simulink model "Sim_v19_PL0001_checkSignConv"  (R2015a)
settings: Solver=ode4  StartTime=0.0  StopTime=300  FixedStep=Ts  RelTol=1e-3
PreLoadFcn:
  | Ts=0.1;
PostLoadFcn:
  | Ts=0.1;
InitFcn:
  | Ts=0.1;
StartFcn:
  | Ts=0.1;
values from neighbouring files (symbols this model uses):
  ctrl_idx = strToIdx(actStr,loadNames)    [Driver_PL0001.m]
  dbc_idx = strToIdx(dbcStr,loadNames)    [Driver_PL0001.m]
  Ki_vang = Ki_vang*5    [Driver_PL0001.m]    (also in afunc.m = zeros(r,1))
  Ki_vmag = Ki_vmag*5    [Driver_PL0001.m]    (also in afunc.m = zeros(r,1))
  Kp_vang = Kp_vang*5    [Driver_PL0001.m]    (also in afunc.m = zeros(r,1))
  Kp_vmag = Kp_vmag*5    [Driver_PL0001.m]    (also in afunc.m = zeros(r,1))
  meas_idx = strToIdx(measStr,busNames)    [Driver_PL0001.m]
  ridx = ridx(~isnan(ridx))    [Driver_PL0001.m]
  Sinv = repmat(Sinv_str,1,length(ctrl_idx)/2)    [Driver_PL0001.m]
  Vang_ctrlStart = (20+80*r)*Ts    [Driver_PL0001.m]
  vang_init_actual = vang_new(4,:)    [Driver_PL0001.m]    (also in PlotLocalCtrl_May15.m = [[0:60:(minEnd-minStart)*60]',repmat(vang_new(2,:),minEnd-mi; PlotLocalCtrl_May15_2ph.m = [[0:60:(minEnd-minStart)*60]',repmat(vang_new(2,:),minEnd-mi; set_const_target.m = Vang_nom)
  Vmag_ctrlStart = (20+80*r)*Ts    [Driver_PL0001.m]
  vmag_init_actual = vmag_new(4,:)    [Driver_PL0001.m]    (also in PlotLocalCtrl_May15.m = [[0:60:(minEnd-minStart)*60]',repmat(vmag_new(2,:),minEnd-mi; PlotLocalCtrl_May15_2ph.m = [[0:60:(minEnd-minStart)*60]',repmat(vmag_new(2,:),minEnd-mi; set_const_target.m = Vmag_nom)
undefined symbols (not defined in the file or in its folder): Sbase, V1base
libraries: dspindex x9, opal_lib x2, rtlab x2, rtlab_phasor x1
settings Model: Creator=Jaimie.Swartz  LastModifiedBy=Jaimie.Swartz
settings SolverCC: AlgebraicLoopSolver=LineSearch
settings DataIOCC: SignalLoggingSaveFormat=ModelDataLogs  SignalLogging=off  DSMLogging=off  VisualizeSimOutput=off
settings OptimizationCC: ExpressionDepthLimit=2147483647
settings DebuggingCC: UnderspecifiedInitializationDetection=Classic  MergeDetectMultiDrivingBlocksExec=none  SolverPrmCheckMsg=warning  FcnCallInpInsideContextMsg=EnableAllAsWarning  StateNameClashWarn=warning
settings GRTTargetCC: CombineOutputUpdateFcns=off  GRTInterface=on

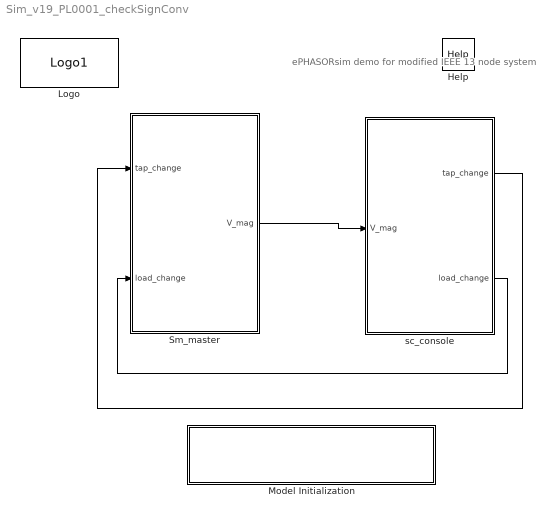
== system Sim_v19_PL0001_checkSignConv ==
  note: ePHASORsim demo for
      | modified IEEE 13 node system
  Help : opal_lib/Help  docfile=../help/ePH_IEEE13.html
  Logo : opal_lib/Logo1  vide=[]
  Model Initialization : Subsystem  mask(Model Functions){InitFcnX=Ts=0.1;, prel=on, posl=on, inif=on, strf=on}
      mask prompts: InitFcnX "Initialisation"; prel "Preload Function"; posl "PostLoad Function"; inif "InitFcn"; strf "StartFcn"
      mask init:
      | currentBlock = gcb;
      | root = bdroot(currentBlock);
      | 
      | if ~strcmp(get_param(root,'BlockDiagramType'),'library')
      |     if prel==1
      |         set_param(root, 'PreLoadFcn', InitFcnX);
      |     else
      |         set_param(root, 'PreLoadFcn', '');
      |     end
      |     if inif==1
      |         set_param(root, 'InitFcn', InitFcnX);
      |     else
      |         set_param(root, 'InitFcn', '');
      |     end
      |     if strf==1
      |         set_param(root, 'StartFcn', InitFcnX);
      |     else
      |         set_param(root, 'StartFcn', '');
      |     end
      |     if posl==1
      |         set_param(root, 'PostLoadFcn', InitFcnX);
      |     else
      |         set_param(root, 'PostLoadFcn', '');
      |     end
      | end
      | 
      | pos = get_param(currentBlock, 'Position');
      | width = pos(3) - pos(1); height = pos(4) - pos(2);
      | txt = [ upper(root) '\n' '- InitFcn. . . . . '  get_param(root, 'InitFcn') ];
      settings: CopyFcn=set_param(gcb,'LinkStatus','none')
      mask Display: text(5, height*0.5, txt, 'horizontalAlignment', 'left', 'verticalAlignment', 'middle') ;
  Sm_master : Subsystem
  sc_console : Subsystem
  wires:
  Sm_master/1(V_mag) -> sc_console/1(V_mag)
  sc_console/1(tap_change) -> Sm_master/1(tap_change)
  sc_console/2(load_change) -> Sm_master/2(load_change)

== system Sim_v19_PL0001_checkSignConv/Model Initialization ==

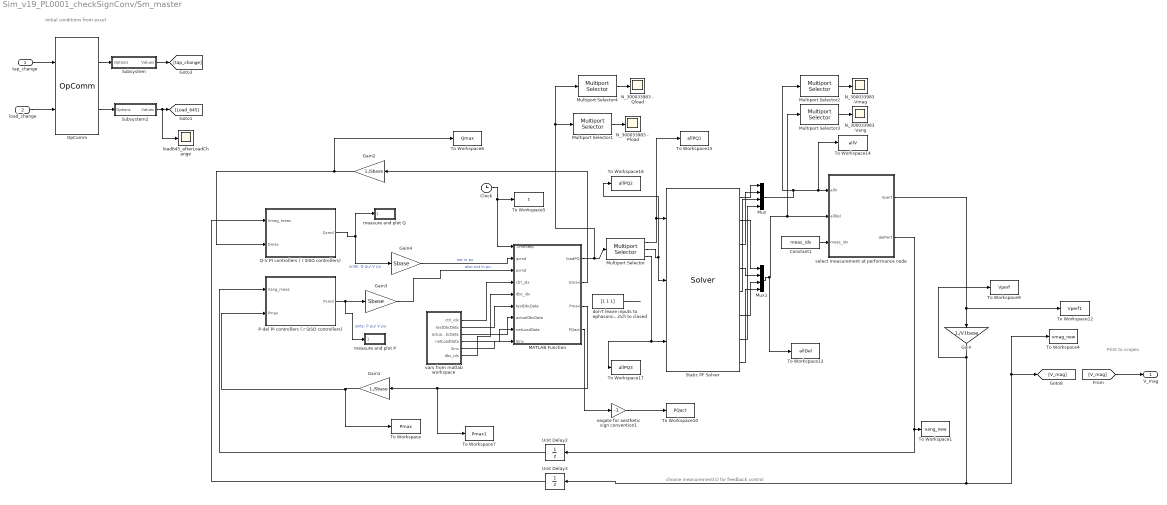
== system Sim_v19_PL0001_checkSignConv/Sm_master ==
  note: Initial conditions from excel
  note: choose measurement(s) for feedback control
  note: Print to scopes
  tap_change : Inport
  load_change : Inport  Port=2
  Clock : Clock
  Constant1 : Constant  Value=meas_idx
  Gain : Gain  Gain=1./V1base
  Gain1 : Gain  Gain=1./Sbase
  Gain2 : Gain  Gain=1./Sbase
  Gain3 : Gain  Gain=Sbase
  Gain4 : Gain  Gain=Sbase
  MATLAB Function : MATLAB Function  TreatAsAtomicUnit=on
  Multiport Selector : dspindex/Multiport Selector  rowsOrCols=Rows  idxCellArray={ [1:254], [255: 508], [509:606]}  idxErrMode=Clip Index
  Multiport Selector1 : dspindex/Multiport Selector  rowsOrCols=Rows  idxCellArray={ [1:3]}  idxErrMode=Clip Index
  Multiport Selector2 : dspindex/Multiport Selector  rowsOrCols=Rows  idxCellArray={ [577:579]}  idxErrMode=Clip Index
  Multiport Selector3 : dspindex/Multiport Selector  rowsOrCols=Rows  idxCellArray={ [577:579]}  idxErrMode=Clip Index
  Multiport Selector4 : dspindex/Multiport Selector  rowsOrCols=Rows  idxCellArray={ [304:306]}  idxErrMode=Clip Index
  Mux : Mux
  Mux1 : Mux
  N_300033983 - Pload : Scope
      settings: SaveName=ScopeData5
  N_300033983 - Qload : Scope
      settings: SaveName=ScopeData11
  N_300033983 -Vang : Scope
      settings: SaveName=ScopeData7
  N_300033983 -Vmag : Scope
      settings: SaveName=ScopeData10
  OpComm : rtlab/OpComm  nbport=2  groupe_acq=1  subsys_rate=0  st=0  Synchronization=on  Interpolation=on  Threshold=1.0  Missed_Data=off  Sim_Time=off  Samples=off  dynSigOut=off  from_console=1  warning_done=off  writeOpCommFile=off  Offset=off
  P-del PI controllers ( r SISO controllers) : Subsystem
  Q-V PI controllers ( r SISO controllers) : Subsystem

• • • •

**REQUIRED ACTION**
Restate the full listing word for word, excluding images.

**SOLUTION**
simulink model "Sim_v19_PL0001_checkSignConv"  (R2015a)
settings: Solver=ode4  StartTime=0.0  StopTime=300  FixedStep=Ts  RelTol=1e-3
PreLoadFcn:
  | Ts=0.1;
PostLoadFcn:
  | Ts=0.1;
InitFcn:
  | Ts=0.1;
StartFcn:
  | Ts=0.1;
values from neighbouring files (symbols this model uses):
  ctrl_idx = strToIdx(actStr,loadNames)    [Driver_PL0001.m]
  dbc_idx = strToIdx(dbcStr,loadNames)    [Driver_PL0001.m]
  Ki_vang = Ki_vang*5    [Driver_PL0001.m]    (also in afunc.m = zeros(r,1))
  Ki_vmag = Ki_vmag*5    [Driver_PL0001.m]    (also in afunc.m = zeros(r,1))
  Kp_vang = Kp_vang*5    [Driver_PL0001.m]    (also in afunc.m = zeros(r,1))
  Kp_vmag = Kp_vmag*5    [Driver_PL0001.m]    (also in afunc.m = zeros(r,1))
  meas_idx = strToIdx(measStr,busNames)    [Driver_PL0001.m]
  ridx = ridx(~isnan(ridx))    [Driver_PL0001.m]
  Sinv = repmat(Sinv_str,1,length(ctrl_idx)/2)    [Driver_PL0001.m]
  Vang_ctrlStart = (20+80*r)*Ts    [Driver_PL0001.m]
  vang_init_actual = vang_new(4,:)    [Driver_PL0001.m]    (also in PlotLocalCtrl_May15.m = [[0:60:(minEnd-minStart)*60]',repmat(vang_new(2,:),minEnd-mi; PlotLocalCtrl_May15_2ph.m = [[0:60:(minEnd-minStart)*60]',repmat(vang_new(2,:),minEnd-mi; set_const_target.m = Vang_nom)
  Vmag_ctrlStart = (20+80*r)*Ts    [Driver_PL0001.m]
  vmag_init_actual = vmag_new(4,:)    [Driver_PL0001.m]    (also in PlotLocalCtrl_May15.m = [[0:60:(minEnd-minStart)*60]',repmat(vmag_new(2,:),minEnd-mi; PlotLocalCtrl_May15_2ph.m = [[0:60:(minEnd-minStart)*60]',repmat(vmag_new(2,:),minEnd-mi; set_const_target.m = Vmag_nom)
undefined symbols (not defined in the file or in its folder): Sbase, V1base
libraries: dspindex x9, opal_lib x2, rtlab x2, rtlab_phasor x1
settings Model: Creator=Jaimie.Swartz  LastModifiedBy=Jaimie.Swartz
settings SolverCC: AlgebraicLoopSolver=LineSearch
settings DataIOCC: SignalLoggingSaveFormat=ModelDataLogs  SignalLogging=off  DSMLogging=off  VisualizeSimOutput=off
settings OptimizationCC: ExpressionDepthLimit=2147483647
settings DebuggingCC: UnderspecifiedInitializationDetection=Classic  MergeDetectMultiDrivingBlocksExec=none  SolverPrmCheckMsg=warning  FcnCallInpInsideContextMsg=EnableAllAsWarning  StateNameClashWarn=warning
settings GRTTargetCC: CombineOutputUpdateFcns=off  GRTInterface=on

== system Sim_v19_PL0001_checkSignConv ==
  note: ePHASORsim demo for
      | modified IEEE 13 node system
  Help : opal_lib/Help  docfile=../help/ePH_IEEE13.html
  Logo : opal_lib/Logo1  vide=[]
  Model Initialization : Subsystem  mask(Model Functions){InitFcnX=Ts=0.1;, prel=on, posl=on, inif=on, strf=on}
      mask prompts: InitFcnX "Initialisation"; prel "Preload Function"; posl "PostLoad Function"; inif "InitFcn"; strf "StartFcn"
      mask init:
      | currentBlock = gcb;
      | root = bdroot(currentBlock);
      | 
      | if ~strcmp(get_param(root,'BlockDiagramType'),'library')
      |     if prel==1
      |         set_param(root, 'PreLoadFcn', InitFcnX);
      |     else
      |         set_param(root, 'PreLoadFcn', '');
      |     end
      |     if inif==1
      |         set_param(root, 'InitFcn', InitFcnX);
      |     else
      |         set_param(root, 'InitFcn', '');
      |     end
      |     if strf==1
      |         set_param(root, 'StartFcn', InitFcnX);
      |     else
      |         set_param(root, 'StartFcn', '');
      |     end
      |     if posl==1
      |         set_param(root, 'PostLoadFcn', InitFcnX);
      |     else
      |         set_param(root, 'PostLoadFcn', '');
      |     end
      | end
      | 
      | pos = get_param(currentBlock, 'Position');
      | width = pos(3) - pos(1); height = pos(4) - pos(2);
      | txt = [ upper(root) '\n' '- InitFcn. . . . . '  get_param(root, 'InitFcn') ];
      settings: CopyFcn=set_param(gcb,'LinkStatus','none')
      mask Display: text(5, height*0.5, txt, 'horizontalAlignment', 'left', 'verticalAlignment', 'middle') ;
  Sm_master : Subsystem
  sc_console : Subsystem
  wires:
  Sm_master/1(V_mag) -> sc_console/1(V_mag)
  sc_console/1(tap_change) -> Sm_master/1(tap_change)
  sc_console/2(load_change) -> Sm_master/2(load_change)

== system Sim_v19_PL0001_checkSignConv/Model Initialization ==

== system Sim_v19_PL0001_checkSignConv/Sm_master ==
  note: Initial conditions from excel
  note: choose measurement(s) for feedback control
  note: Print to scopes
  tap_change : Inport
  load_change : Inport  Port=2
  Clock : Clock
  Constant1 : Constant  Value=meas_idx
  Gain : Gain  Gain=1./V1base
  Gain1 : Gain  Gain=1./Sbase
  Gain2 : Gain  Gain=1./Sbase
  Gain3 : Gain  Gain=Sbase
  Gain4 : Gain  Gain=Sbase
  MATLAB Function : MATLAB Function  TreatAsAtomicUnit=on
  Multiport Selector : dspindex/Multiport Selector  rowsOrCols=Rows  idxCellArray={ [1:254], [255: 508], [509:606]}  idxErrMode=Clip Index
  Multiport Selector1 : dspindex/Multiport Selector  rowsOrCols=Rows  idxCellArray={ [1:3]}  idxErrMode=Clip Index
  Multiport Selector2 : dspindex/Multiport Selector  rowsOrCols=Rows  idxCellArray={ [577:579]}  idxErrMode=Clip Index
  Multiport Selector3 : dspindex/Multiport Selector  rowsOrCols=Rows  idxCellArray={ [577:579]}  idxErrMode=Clip Index
  Multiport Selector4 : dspindex/Multiport Selector  rowsOrCols=Rows  idxCellArray={ [304:306]}  idxErrMode=Clip Index
  Mux : Mux
  Mux1 : Mux
  N_300033983 - Pload : Scope
      settings: SaveName=ScopeData5
  N_300033983 - Qload : Scope
      settings: SaveName=ScopeData11
  N_300033983 -Vang : Scope
      settings: SaveName=ScopeData7
  N_300033983 -Vmag : Scope
      settings: SaveName=ScopeData10
  OpComm : rtlab/OpComm  nbport=2  groupe_acq=1  subsys_rate=0  st=0  Synchronization=on  Interpolation=on  Threshold=1.0  Missed_Data=off  Sim_Time=off  Samples=off  dynSigOut=off  from_console=1  warning_done=off  writeOpCommFile=off  Offset=off
  P-del PI controllers ( r SISO controllers) : Subsystem
  Q-V PI controllers ( r SISO controllers) : Subsystem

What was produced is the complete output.